**WORK TASK:** Word for word, return the lines below from the first through the line that has "#10=(LENGTH_UNIT() NAMED_UNIT(*) SI_UNIT(.MILLI.,.METRE.));", dropping the pictures.

**STUDY MATERIAL:**
# # #

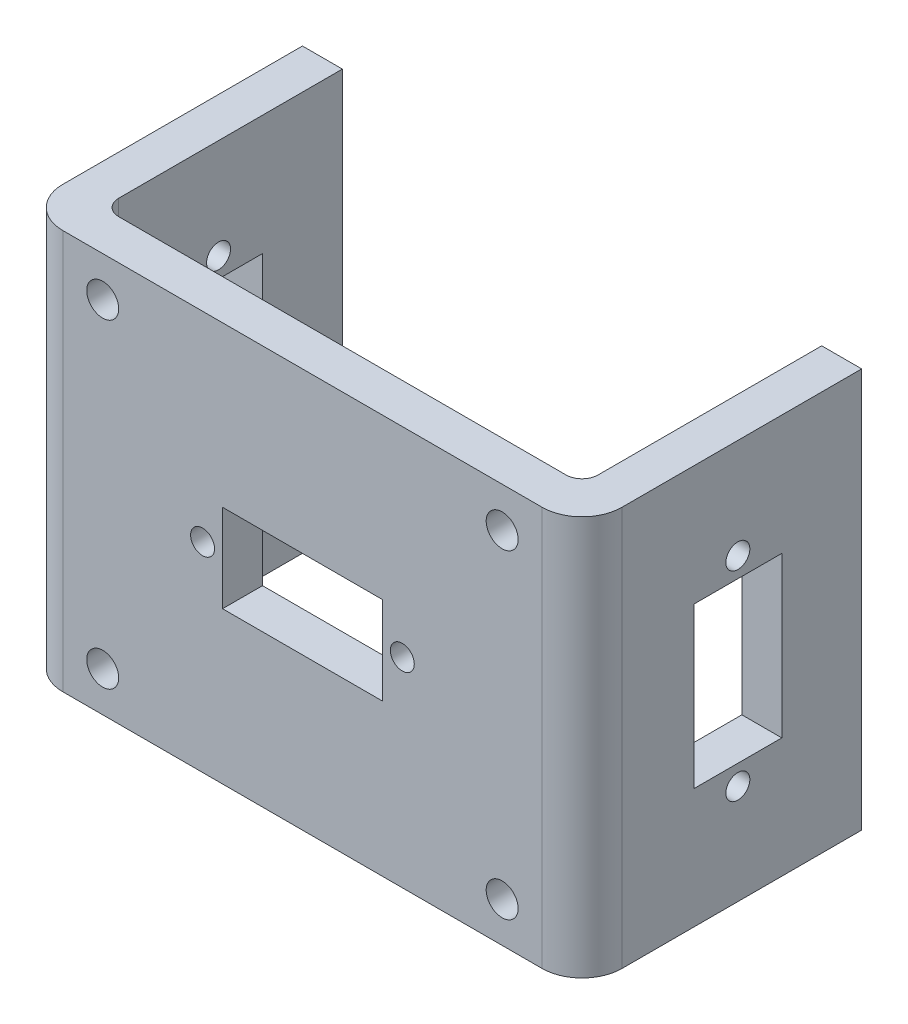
ISO-10303-21;
HEADER;
FILE_DESCRIPTION(('STEP AP214'),'2;1');
FILE_NAME('part.step','',(''),(''),'','','');
FILE_SCHEMA(('AUTOMOTIVE_DESIGN { 1 0 10303 214 1 1 1 1 }'));
ENDSEC;
DATA;
#1=APPLICATION_CONTEXT('core data for automotive mechanical design processes');
#2=APPLICATION_PROTOCOL_DEFINITION('international standard','automotive_design',2000,#1);
#3=PRODUCT_CONTEXT('',#1,'mechanical');
#4=PRODUCT('Part','Part','',(#3));
#5=PRODUCT_RELATED_PRODUCT_CATEGORY('part','',(#4));
#6=PRODUCT_DEFINITION_FORMATION('','',#4);
#7=PRODUCT_DEFINITION_CONTEXT('part definition',#1,'design');
#8=PRODUCT_DEFINITION('design','',#6,#7);
#9=PRODUCT_DEFINITION_SHAPE('','',#8);
#10=(LENGTH_UNIT() NAMED_UNIT(*) SI_UNIT(.MILLI.,.METRE.));
#11=(NAMED_UNIT(*) PLANE_ANGLE_UNIT() SI_UNIT($,.RADIAN.));
#12=(NAMED_UNIT(*) SI_UNIT($,.STERADIAN.) SOLID_ANGLE_UNIT());
#13=UNCERTAINTY_MEASURE_WITH_UNIT(LENGTH_MEASURE(1.E-05),#10,'distance_accuracy_value','');
#14=(GEOMETRIC_REPRESENTATION_CONTEXT(3) GLOBAL_UNCERTAINTY_ASSIGNED_CONTEXT((#13)) GLOBAL_UNIT_ASSIGNED_CONTEXT((#10,
#11,#12)) REPRESENTATION_CONTEXT('',''));
#15=CARTESIAN_POINT('',(0.,0.,0.));
#16=DIRECTION('',(0.,0.,1.));
#17=DIRECTION('',(1.,0.,0.));
#18=AXIS2_PLACEMENT_3D('',#15,#16,#17);
#19=CARTESIAN_POINT('',(0.,50.,0.));
#20=DIRECTION('',(0.,0.,-1.));
#21=DIRECTION('',(-1.,0.,0.));
#22=AXIS2_PLACEMENT_3D('',#19,#20,#21);
#23=PLANE('',#22);
#24=DIRECTION('',(0.,1.,0.));
#25=VECTOR('',#24,1.);
#26=CARTESIAN_POINT('',(65.,0.,0.));
#27=LINE('',#26,#25);
#28=CARTESIAN_POINT('',(65.,0.,0.));
#29=VERTEX_POINT('',#28);
#30=CARTESIAN_POINT('',(65.,50.,0.));
#31=VERTEX_POINT('',#30);
#32=EDGE_CURVE('E339',#29,#31,#27,.T.);
#33=ORIENTED_EDGE('',*,*,#32,.T.);
#34=DIRECTION('',(-1.,0.,0.));
#35=VECTOR('',#34,1.);
#36=CARTESIAN_POINT('',(0.,50.,0.));
#37=LINE('',#36,#35);
#38=CARTESIAN_POINT('',(70.,50.,0.));
#39=VERTEX_POINT('',#38);
#40=EDGE_CURVE('E369',#39,#31,#37,.T.);
#41=ORIENTED_EDGE('',*,*,#40,.F.);
#42=DIRECTION('',(0.,1.,0.));
#43=VECTOR('',#42,1.);
#44=CARTESIAN_POINT('',(70.,0.,0.));
#45=LINE('',#44,#43);
#46=CARTESIAN_POINT('',(70.,0.,0.));
#47=VERTEX_POINT('',#46);
#48=EDGE_CURVE('E379',#47,#39,#45,.T.);
#49=ORIENTED_EDGE('',*,*,#48,.F.);
#50=DIRECTION('',(1.,0.,0.));
#51=VECTOR('',#50,1.);
#52=CARTESIAN_POINT('',(0.,0.,0.));
#53=LINE('',#52,#51);
#54=EDGE_CURVE('E375',#29,#47,#53,.T.);
#55=ORIENTED_EDGE('',*,*,#54,.F.);
#56=EDGE_LOOP('',(#33,#41,#49,#55));
#57=FACE_BOUND('',#56,.T.);
#58=ADVANCED_FACE('F30',(#57),#23,.T.);
#59=CARTESIAN_POINT('',(0.,0.,35.));
#60=DIRECTION('',(1.,0.,0.));
#61=DIRECTION('',(0.,1.,0.));
#62=AXIS2_PLACEMENT_3D('',#59,#60,#61);
#63=PLANE('',#62);
#64=CARTESIAN_POINT('',(0.,37.5,15.5));
#65=DIRECTION('',(-1.,0.,0.));
#66=DIRECTION('',(0.,-1.,0.));
#67=AXIS2_PLACEMENT_3D('',#64,#65,#66);
#68=CIRCLE('',#67,1.5);
#69=CARTESIAN_POINT('',(0.,36.,15.5));
#70=VERTEX_POINT('',#69);
#71=EDGE_CURVE('E207',#70,#70,#68,.T.);
#72=ORIENTED_EDGE('',*,*,#71,.F.);
#73=EDGE_LOOP('',(#72));
#74=FACE_BOUND('',#73,.T.);
#75=CARTESIAN_POINT('',(0.,12.5,15.5));
#76=DIRECTION('',(-1.,0.,0.));
#77=DIRECTION('',(0.,-1.,0.));
#78=AXIS2_PLACEMENT_3D('',#75,#76,#77);
#79=CIRCLE('',#78,1.5);
#80=CARTESIAN_POINT('',(0.,11.,15.5));
#81=VERTEX_POINT('',#80);
#82=EDGE_CURVE('E238',#81,#81,#79,.T.);
#83=ORIENTED_EDGE('',*,*,#82,.F.);
#84=EDGE_LOOP('',(#83));
#85=FACE_BOUND('',#84,.T.);
#86=DIRECTION('',(0.,0.,1.));
#87=VECTOR('',#86,1.);
#88=CARTESIAN_POINT('',(0.,15.,10.));
#89=LINE('',#88,#87);
#90=CARTESIAN_POINT('',(0.,15.,10.));
#91=VERTEX_POINT('',#90);
#92=CARTESIAN_POINT('',(0.,15.,21.));
#93=VERTEX_POINT('',#92);
#94=EDGE_CURVE('E264',#91,#93,#89,.T.);
#95=ORIENTED_EDGE('',*,*,#94,.F.);
#96=DIRECTION('',(0.,-1.,0.));
#97=VECTOR('',#96,1.);
#98=CARTESIAN_POINT('',(0.,35.,10.));
#99=LINE('',#98,#97);
#100=CARTESIAN_POINT('',(0.,35.,10.));
#101=VERTEX_POINT('',#100);
#102=EDGE_CURVE('E248',#101,#91,#99,.T.);
#103=ORIENTED_EDGE('',*,*,#102,.F.);
#104=DIRECTION('',(0.,0.,-1.));
#105=VECTOR('',#104,1.);
#106=CARTESIAN_POINT('',(0.,35.,10.));
#107=LINE('',#106,#105);
#108=CARTESIAN_POINT('',(0.,35.,21.));
#109=VERTEX_POINT('',#108);
#110=EDGE_CURVE('E253',#109,#101,#107,.T.);
#111=ORIENTED_EDGE('',*,*,#110,.F.);
#112=DIRECTION('',(0.,1.,0.));
#113=VECTOR('',#112,1.);
#114=CARTESIAN_POINT('',(0.,35.,21.));
#115=LINE('',#114,#113);
#116=EDGE_CURVE('E267',#93,#109,#115,.T.);
#117=ORIENTED_EDGE('',*,*,#116,.F.);
#118=EDGE_LOOP('',(#95,#103,#111,#117));
#119=FACE_BOUND('',#118,.T.);
#120=DIRECTION('',(0.,0.,-1.));
#121=VECTOR('',#120,1.);
#122=CARTESIAN_POINT('',(0.,0.,35.));
#123=LINE('',#122,#121);
#124=CARTESIAN_POINT('',(0.,0.,30.));
#125=VERTEX_POINT('',#124);
#126=CARTESIAN_POINT('',(0.,0.,0.));
#127=VERTEX_POINT('',#126);
#128=EDGE_CURVE('E392',#125,#127,#123,.T.);
#129=ORIENTED_EDGE('',*,*,#128,.F.);
#130=DIRECTION('',(0.,-1.,0.));
#131=VECTOR('',#130,1.);
#132=CARTESIAN_POINT('',(0.,0.,30.));
#133=LINE('',#132,#131);
#134=CARTESIAN_POINT('',(0.,50.,30.));
#135=VERTEX_POINT('',#134);
#136=EDGE_CURVE('E410',#125,#135,#133,.F.);
#137=ORIENTED_EDGE('',*,*,#136,.T.);
#138=DIRECTION('',(0.,0.,-1.));
#139=VECTOR('',#138,1.);
#140=CARTESIAN_POINT('',(0.,50.,35.));
#141=LINE('',#140,#139);
#142=CARTESIAN_POINT('',(0.,50.,0.));
#143=VERTEX_POINT('',#142);
#144=EDGE_CURVE('E372',#135,#143,#141,.T.);
#145=ORIENTED_EDGE('',*,*,#144,.T.);
#146=DIRECTION('',(0.,-1.,0.));
#147=VECTOR('',#146,1.);
#148=CARTESIAN_POINT('',(0.,0.,0.));
#149=LINE('',#148,#147);
#150=EDGE_CURVE('E354',#143,#127,#149,.T.);
#151=ORIENTED_EDGE('',*,*,#150,.T.);
#152=EDGE_LOOP('',(#129,#137,#145,#151));
#153=FACE_BOUND('',#152,.T.);
#154=ADVANCED_FACE('F444',(#74,#85,#119,#153),#63,.F.);
#155=CARTESIAN_POINT('',(0.,0.,35.));
#156=DIRECTION('',(0.,1.,0.));
#157=DIRECTION('',(0.,0.,1.));
#158=AXIS2_PLACEMENT_3D('',#155,#156,#157);
#159=PLANE('',#158);
#160=CARTESIAN_POINT('',(63.,0.,28.));
#161=DIRECTION('',(0.,1.,0.));
#162=DIRECTION('',(0.,0.,1.));
#163=AXIS2_PLACEMENT_3D('',#160,#161,#162);
#164=CIRCLE('',#163,1.99999999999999);
#165=CARTESIAN_POINT('',(63.,0.,30.));
#166=VERTEX_POINT('',#165);
#167=CARTESIAN_POINT('',(65.,0.,28.));
#168=VERTEX_POINT('',#167);
#169=EDGE_CURVE('E336',#166,#168,#164,.T.);
#170=ORIENTED_EDGE('',*,*,#169,.T.);
#171=DIRECTION('',(0.,0.,-1.));
#172=VECTOR('',#171,1.);
#173=CARTESIAN_POINT('',(65.,0.,0.));
#174=LINE('',#173,#172);
#175=EDGE_CURVE('E323',#168,#29,#174,.T.);
#176=ORIENTED_EDGE('',*,*,#175,.T.);
#177=ORIENTED_EDGE('',*,*,#54,.T.);
#178=DIRECTION('',(0.,0.,-1.));
#179=VECTOR('',#178,1.);
#180=CARTESIAN_POINT('',(70.,0.,35.));
#181=LINE('',#180,#179);
#182=CARTESIAN_POINT('',(70.,0.,30.));
#183=VERTEX_POINT('',#182);
#184=EDGE_CURVE('E389',#183,#47,#181,.T.);
#185=ORIENTED_EDGE('',*,*,#184,.F.);
#186=CARTESIAN_POINT('',(65.,0.,30.));
#187=DIRECTION('',(0.,1.,0.));
#188=DIRECTION('',(0.,0.,1.));
#189=AXIS2_PLACEMENT_3D('',#186,#187,#188);
#190=CIRCLE('',#189,5.);
#191=CARTESIAN_POINT('',(65.,0.,35.));
#192=VERTEX_POINT('',#191);
#193=EDGE_CURVE('E408',#183,#192,#190,.F.);
#194=ORIENTED_EDGE('',*,*,#193,.T.);
#195=DIRECTION('',(1.,0.,0.));
#196=VECTOR('',#195,1.);
#197=CARTESIAN_POINT('',(0.,0.,35.));
#198=LINE('',#197,#196);
#199=CARTESIAN_POINT('',(5.,0.,35.));
#200=VERTEX_POINT('',#199);
#201=EDGE_CURVE('E365',#200,#192,#198,.T.);
#202=ORIENTED_EDGE('',*,*,#201,.F.);
#203=CARTESIAN_POINT('',(5.,0.,30.));
#204=DIRECTION('',(0.,1.,0.));
#205=DIRECTION('',(0.,0.,1.));
#206=AXIS2_PLACEMENT_3D('',#203,#204,#205);
#207=CIRCLE('',#206,5.);
#208=EDGE_CURVE('E406',#200,#125,#207,.F.);
#209=ORIENTED_EDGE('',*,*,#208,.T.);
#210=ORIENTED_EDGE('',*,*,#128,.T.);
#211=CARTESIAN_POINT('',(4.99999999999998,0.,0.));
#212=VERTEX_POINT('',#211);
#213=EDGE_CURVE('E376',#127,#212,#53,.T.);
#214=ORIENTED_EDGE('',*,*,#213,.T.);
#215=DIRECTION('',(0.,0.,1.));
#216=VECTOR('',#215,1.);
#217=CARTESIAN_POINT('',(4.99999999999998,0.,0.));
#218=LINE('',#217,#216);
#219=CARTESIAN_POINT('',(4.99999999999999,0.,28.));
#220=VERTEX_POINT('',#219);
#221=EDGE_CURVE('E326',#212,#220,#218,.T.);
#222=ORIENTED_EDGE('',*,*,#221,.T.);
#223=CARTESIAN_POINT('',(6.99999999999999,0.,28.));
#224=DIRECTION('',(0.,1.,0.));
#225=DIRECTION('',(0.,0.,1.));
#226=AXIS2_PLACEMENT_3D('',#223,#224,#225);
#227=CIRCLE('',#226,2.);
#228=CARTESIAN_POINT('',(6.99999999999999,0.,30.));
#229=VERTEX_POINT('',#228);
#230=EDGE_CURVE('E330',#220,#229,#227,.T.);
#231=ORIENTED_EDGE('',*,*,#230,.T.);
#232=DIRECTION('',(1.,0.,0.));
#233=VECTOR('',#232,1.);
#234=CARTESIAN_POINT('',(63.,0.,30.));
#235=LINE('',#234,#233);
#236=EDGE_CURVE('E333',#229,#166,#235,.T.);
#237=ORIENTED_EDGE('',*,*,#236,.T.);
#238=EDGE_LOOP('',(#170,#176,#177,#185,#194,#202,#209,#210,#214,#222,#231,#237));
#239=FACE_BOUND('',#238,.T.);
#240=ADVANCED_FACE('F451',(#239),#159,.F.);
#241=CARTESIAN_POINT('',(70.,0.,35.));
#242=DIRECTION('',(-1.,0.,0.));
#243=DIRECTION('',(0.,-1.,0.));
#244=AXIS2_PLACEMENT_3D('',#241,#242,#243);
#245=PLANE('',#244);
#246=CARTESIAN_POINT('',(70.,37.5,15.5));
#247=DIRECTION('',(-1.,0.,0.));
#248=DIRECTION('',(0.,-1.,0.));
#249=AXIS2_PLACEMENT_3D('',#246,#247,#248);
#250=CIRCLE('',#249,1.5);
#251=CARTESIAN_POINT('',(70.,36.,15.5));
#252=VERTEX_POINT('',#251);
#253=EDGE_CURVE('E230',#252,#252,#250,.T.);
#254=ORIENTED_EDGE('',*,*,#253,.T.);
#255=EDGE_LOOP('',(#254));
#256=FACE_BOUND('',#255,.T.);
#257=CARTESIAN_POINT('',(70.,12.5,15.5));
#258=DIRECTION('',(-1.,0.,0.));
#259=DIRECTION('',(0.,-1.,0.));
#260=AXIS2_PLACEMENT_3D('',#257,#258,#259);
#261=CIRCLE('',#260,1.5);
#262=CARTESIAN_POINT('',(70.,11.,15.5));
#263=VERTEX_POINT('',#262);
#264=EDGE_CURVE('E239',#263,#263,#261,.T.);
#265=ORIENTED_EDGE('',*,*,#264,.T.);
#266=EDGE_LOOP('',(#265));
#267=FACE_BOUND('',#266,.T.);
#268=DIRECTION('',(0.,0.,-1.));
#269=VECTOR('',#268,1.);
#270=CARTESIAN_POINT('',(70.,35.,10.));
#271=LINE('',#270,#269);
#272=CARTESIAN_POINT('',(70.,35.,21.));
#273=VERTEX_POINT('',#272);
#274=CARTESIAN_POINT('',(70.,35.,10.));
#275=VERTEX_POINT('',#274);
#276=EDGE_CURVE('E259',#273,#275,#271,.T.);
#277=ORIENTED_EDGE('',*,*,#276,.T.);
#278=DIRECTION('',(0.,-1.,0.));
#279=VECTOR('',#278,1.);
#280=CARTESIAN_POINT('',(70.,35.,10.));
#281=LINE('',#280,#279);
#282=CARTESIAN_POINT('',(70.,15.,10.));
#283=VERTEX_POINT('',#282);
#284=EDGE_CURVE('E249',#275,#283,#281,.T.);
#285=ORIENTED_EDGE('',*,*,#284,.T.);
#286=DIRECTION('',(0.,0.,1.));
#287=VECTOR('',#286,1.);
#288=CARTESIAN_POINT('',(70.,15.,10.));
#289=LINE('',#288,#287);
#290=CARTESIAN_POINT('',(70.,15.,21.));
#291=VERTEX_POINT('',#290);
#292=EDGE_CURVE('E252',#283,#291,#289,.T.);
#293=ORIENTED_EDGE('',*,*,#292,.T.);
#294=DIRECTION('',(0.,1.,0.));
#295=VECTOR('',#294,1.);
#296=CARTESIAN_POINT('',(70.,35.,21.));
#297=LINE('',#296,#295);
#298=EDGE_CURVE('E256',#291,#273,#297,.T.);
#299=ORIENTED_EDGE('',*,*,#298,.T.);
#300=EDGE_LOOP('',(#277,#285,#293,#299));
#301=FACE_BOUND('',#300,.T.);
#302=DIRECTION('',(0.,0.,-1.));
#303=VECTOR('',#302,1.);
#304=CARTESIAN_POINT('',(70.,50.,35.));
#305=LINE('',#304,#303);
#306=CARTESIAN_POINT('',(70.,50.,30.));
#307=VERTEX_POINT('',#306);
#308=EDGE_CURVE('E387',#307,#39,#305,.T.);
#309=ORIENTED_EDGE('',*,*,#308,.F.);
#310=DIRECTION('',(0.,1.,0.));
#311=VECTOR('',#310,1.);
#312=CARTESIAN_POINT('',(70.,0.,30.));
#313=LINE('',#312,#311);
#314=EDGE_CURVE('E404',#307,#183,#313,.F.);
#315=ORIENTED_EDGE('',*,*,#314,.T.);
#316=ORIENTED_EDGE('',*,*,#184,.T.);
#317=ORIENTED_EDGE('',*,*,#48,.T.);
#318=EDGE_LOOP('',(#309,#315,#316,#317));
#319=FACE_BOUND('',#318,.T.);
#320=ADVANCED_FACE('F490',(#256,#267,#301,#319),#245,.F.);
#321=CARTESIAN_POINT('',(0.,50.,35.));
#322=DIRECTION('',(0.,-1.,0.));
#323=DIRECTION('',(0.,0.,-1.));
#324=AXIS2_PLACEMENT_3D('',#321,#322,#323);
#325=PLANE('',#324);
#326=ORIENTED_EDGE('',*,*,#40,.T.);
#327=DIRECTION('',(0.,0.,-1.));
#328=VECTOR('',#327,1.);
#329=CARTESIAN_POINT('',(65.,50.,0.));
#330=LINE('',#329,#328);
#331=CARTESIAN_POINT('',(65.,50.,28.));
#332=VERTEX_POINT('',#331);
#333=EDGE_CURVE('E322',#332,#31,#330,.T.);
#334=ORIENTED_EDGE('',*,*,#333,.F.);
#335=CARTESIAN_POINT('',(63.,50.,28.));
#336=DIRECTION('',(0.,1.,0.));
#337=DIRECTION('',(0.,0.,1.));
#338=AXIS2_PLACEMENT_3D('',#335,#336,#337);
#339=CIRCLE('',#338,1.99999999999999);
#340=CARTESIAN_POINT('',(63.,50.,30.));
#341=VERTEX_POINT('',#340);
#342=EDGE_CURVE('E327',#341,#332,#339,.T.);
#343=ORIENTED_EDGE('',*,*,#342,.F.);
#344=DIRECTION('',(1.,0.,0.));
#345=VECTOR('',#344,1.);
#346=CARTESIAN_POINT('',(63.,50.,30.));
#347=LINE('',#346,#345);
#348=CARTESIAN_POINT('',(6.99999999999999,50.,30.));
#349=VERTEX_POINT('',#348);
#350=EDGE_CURVE('E347',#349,#341,#347,.T.);
#351=ORIENTED_EDGE('',*,*,#350,.F.);
#352=CARTESIAN_POINT('',(6.99999999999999,50.,28.));
#353=DIRECTION('',(0.,1.,0.));
#354=DIRECTION('',(0.,0.,1.));
#355=AXIS2_PLACEMENT_3D('',#352,#353,#354);
#356=CIRCLE('',#355,2.);
#357=CARTESIAN_POINT('',(4.99999999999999,50.,28.));
#358=VERTEX_POINT('',#357);
#359=EDGE_CURVE('E344',#358,#349,#356,.T.);
#360=ORIENTED_EDGE('',*,*,#359,.F.);
#361=DIRECTION('',(0.,0.,1.));
#362=VECTOR('',#361,1.);
#363=CARTESIAN_POINT('',(4.99999999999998,50.,0.));
#364=LINE('',#363,#362);
#365=CARTESIAN_POINT('',(4.99999999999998,50.,0.));
#366=VERTEX_POINT('',#365);
#367=EDGE_CURVE('E341',#366,#358,#364,.T.);
#368=ORIENTED_EDGE('',*,*,#367,.F.);
#369=EDGE_CURVE('E382',#366,#143,#37,.T.);
#370=ORIENTED_EDGE('',*,*,#369,.T.);
#371=ORIENTED_EDGE('',*,*,#144,.F.);
#372=CARTESIAN_POINT('',(4.99999999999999,50.,30.));
#373=DIRECTION('',(0.,-1.,0.));
#374=DIRECTION('',(0.,0.,-1.));
#375=AXIS2_PLACEMENT_3D('',#372,#373,#374);
#376=CIRCLE('',#375,5.);
#377=CARTESIAN_POINT('',(4.99999999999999,50.,35.));
#378=VERTEX_POINT('',#377);
#379=EDGE_CURVE('E400',#135,#378,#376,.F.);
#380=ORIENTED_EDGE('',*,*,#379,.T.);
#381=DIRECTION('',(-1.,0.,0.));
#382=VECTOR('',#381,1.);
#383=CARTESIAN_POINT('',(0.,50.,35.));
#384=LINE('',#383,#382);
#385=CARTESIAN_POINT('',(65.,50.,35.));
#386=VERTEX_POINT('',#385);
#387=EDGE_CURVE('E368',#386,#378,#384,.T.);
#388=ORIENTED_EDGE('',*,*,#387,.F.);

# # #

**RESPONSE TO THE EXERCISE:**
ISO-10303-21;
HEADER;
FILE_DESCRIPTION(('STEP AP214'),'2;1');
FILE_NAME('part.step','',(''),(''),'','','');
FILE_SCHEMA(('AUTOMOTIVE_DESIGN { 1 0 10303 214 1 1 1 1 }'));
ENDSEC;
DATA;
#1=APPLICATION_CONTEXT('core data for automotive mechanical design processes');
#2=APPLICATION_PROTOCOL_DEFINITION('international standard','automotive_design',2000,#1);
#3=PRODUCT_CONTEXT('',#1,'mechanical');
#4=PRODUCT('Part','Part','',(#3));
#5=PRODUCT_RELATED_PRODUCT_CATEGORY('part','',(#4));
#6=PRODUCT_DEFINITION_FORMATION('','',#4);
#7=PRODUCT_DEFINITION_CONTEXT('part definition',#1,'design');
#8=PRODUCT_DEFINITION('design','',#6,#7);
#9=PRODUCT_DEFINITION_SHAPE('','',#8);
#10=(LENGTH_UNIT() NAMED_UNIT(*) SI_UNIT(.MILLI.,.METRE.));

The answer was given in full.